Sind die Methoden für Postgres die selben wie für MySql?

Freue mich über Tipps oder Erfahrungen.


----------



## JavaMeister (21. Nov 2014)

Die Auswahl der Datenbank ist für die Anwendung transparent. 

Beide Datenbanken haben eine jdbc Schnittstelle. 

Verstehe den Hintergrund der Frage nicht. Ist das hier eine lockere Diskussion oder musst du tatsächlich etwas entscheiden? In letzteren kommst du Ehh nicht herum zumindest einen Überblick über die Funktionen und Lizenzen der beiden Datenbanken herauszusuchen. 

Oder ist die Intention, dass wir das nun raussuchen?

Man sieht ich bin verwirrt.


----------



## Joose (21. Nov 2014)

Grundsätzlich unterscheiden sich relationale Datenbanksystem nicht großartig. Auch was die SQL Syntax betrifft sind sich die meisten ähnlich.
Natürlich hat jedes seine Vor- und Nachteile.

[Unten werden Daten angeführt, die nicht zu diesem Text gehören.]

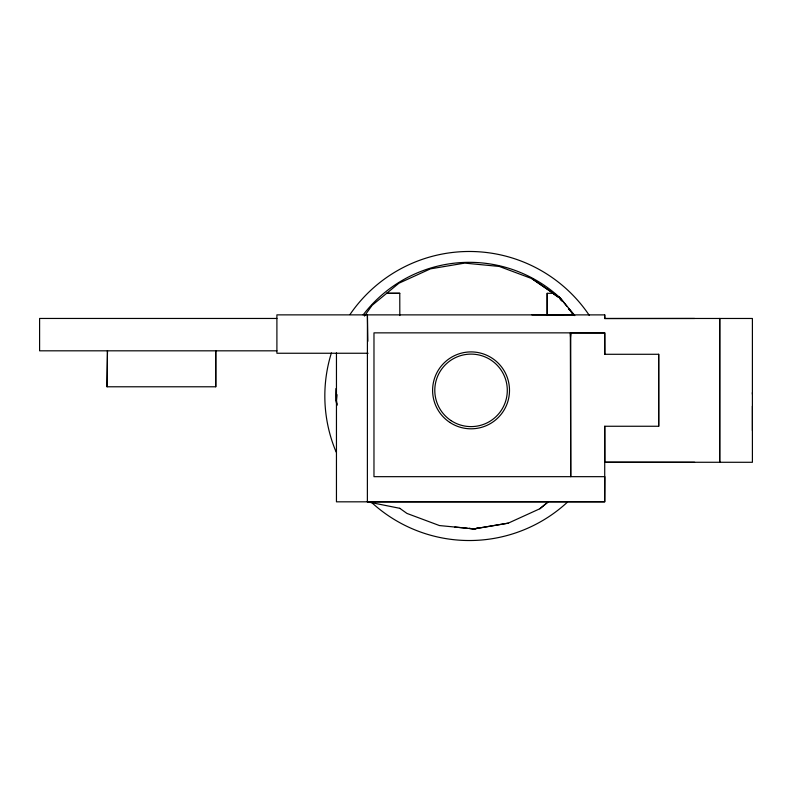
<?xml version="1.0" encoding="UTF-8"?>
<svg xmlns="http://www.w3.org/2000/svg" width="792" height="792" viewBox="0 0 792 792"><rect width="100%" height="100%" fill="white"/><g stroke="black" fill="none" stroke-linecap="round" stroke-linejoin="round"><path stroke-width="1.19" d="M604.732 314.879L604.732 318.562L604.722 314.889L276.903 314.87L276.903 353.252L368.102 353.252M399.772 508.306L367.379 501.831L367.419 314.879L367.884 341.253M574.794 315.622L560.479 298.247L553.113 293.307L547.183 293.307L547.183 314.879L574.19 314.879L568.399 308.603L569.834 310.464M367.419 501.831L604.712 501.781L604.841 476.665L373.973 476.675L373.982 332.858L570.349 332.858L570.735 476.675L570.745 332.858L604.741 332.887L604.781 354.291L658.716 354.281L658.746 426.254L604.741 426.264L604.712 501.781L336.452 501.831L336.461 352.856M752.4 430.541L752.4 406.128M752.4 394.208L752.4 392.476M570.676 335.303L570.745 332.868L604.732 332.878L604.781 354.291M337.036 394.693L336.461 400.643L337.055 404.187M364.459 316.038L372.101 305.316L398.881 283.239L430.472 268.844L464.706 263.112L499.257 266.439L531.779 278.586L560.469 298.297L567.102 306.593M531.779 278.586L560.479 298.247A133.561 133.561 0 0 0 363.132 314.919M508.236 523.156L473.982 528.888L469.032 528.413L474.002 528.888L508.236 523.156L539.827 508.761L548.133 501.91M539.827 508.761L548.282 501.791M473.854 528.888L478.318 528.165L473.982 528.888L439.451 525.561L406.93 513.414L399.772 508.306M107.049 386.783L107.465 350.816L107.049 386.783L215.761 386.783L215.761 350.826M399.772 293.288L386.664 293.307L399.772 293.288L399.821 315.562M276.903 318.463L39.6 318.453L39.6 350.816L276.903 350.826M604.85 318.473L752.4 318.473L752.4 462.29L604.712 462.231L694.604 462.29M604.712 318.552L694.604 318.473M531.917 314.85L563.528 314.879M604.741 426.264L604.831 462.28M658.667 354.281L658.677 426.254M454.816 527.046L467.24 528.244M560.38 298.386L553.103 293.307L557.39 296.772M562.32 301.435L560.033 298.742L561.548 300.544M571.349 312.266L573.606 314.978M568.567 308.435L573.725 314.879M337.055 405.356L335.877 400.554A133.561 133.561 0 0 1 335.996 388.535M570.349 332.858L570.547 337.105M547.183 293.307L547.193 315.513M215.751 350.816L215.751 386.773M567.3 502.276A144.53 144.53 0 0 1 371.676 502.524M336.125 452.004A144.53 144.53 0 0 1 331.393 352.935M349.935 314.592A144.53 144.53 0 0 1 589.278 315.345M719.71 318.473L719.72 462.29L719.77 318.473M449.876 422.453A38.452 38.452 0 0 0 509.434 392.644A38.452 38.452 0 0 0 453.836 355.974A38.452 38.452 0 0 0 449.876 422.453M451.084 420.621A36.254 36.254 0 0 0 507.236 392.515A36.254 36.254 0 0 0 454.826 357.935A36.254 36.254 0 0 0 451.084 420.621"/></g></svg>

Welches du nun einsetzt musst du selber entscheiden da je nach Anforderung an die Datenbank eine vielleicht besser geeignet ist als andere.


----------



## OnDemand (21. Nov 2014)

Ist denn eine von beiden performanter? Müsste mich zwischen einer der Beiden entscheiden, ja. Hintergrund ist Jira (Software), ich kann auf meinem Server keinen Mysql-Treiber installieren, nutze dafür Postgres und überlege jetzt ob ich nicht auch meine Programme auf Postgres schreiben sollte, damit ich eine "einheitliche Datenbanklandschaft" habe


----------



## JavaMeister (21. Nov 2014)

Ja dann reicht es ja via google die hundert Billionen Billionen Vergleichsstudien anzusehen.


----------



## Joose (21. Nov 2014)

Eine "einheitliche Datenbanklandschaft" ist sicherlich praktisch. Sind es aber alles eigenständige Programme ohne Zusammenhang ist es nicht notwendig, hier würde sich anbieten ja nach Anforderung das passende zu nehmen.

Es gibt im Internet genug Seiten welche die Performance von Datenbanken verglichen haben. Einfach mal danach googlen.


----------



## Maxi62 (1. Dez 2014)

Und schau dir auch mal Derby oder SQLite an, nach meiner Erfahrungen werden diese Datenbanken deutlich unterschätzt! Für viele Projekte ist Mysql einfach überdimensioniert!


----------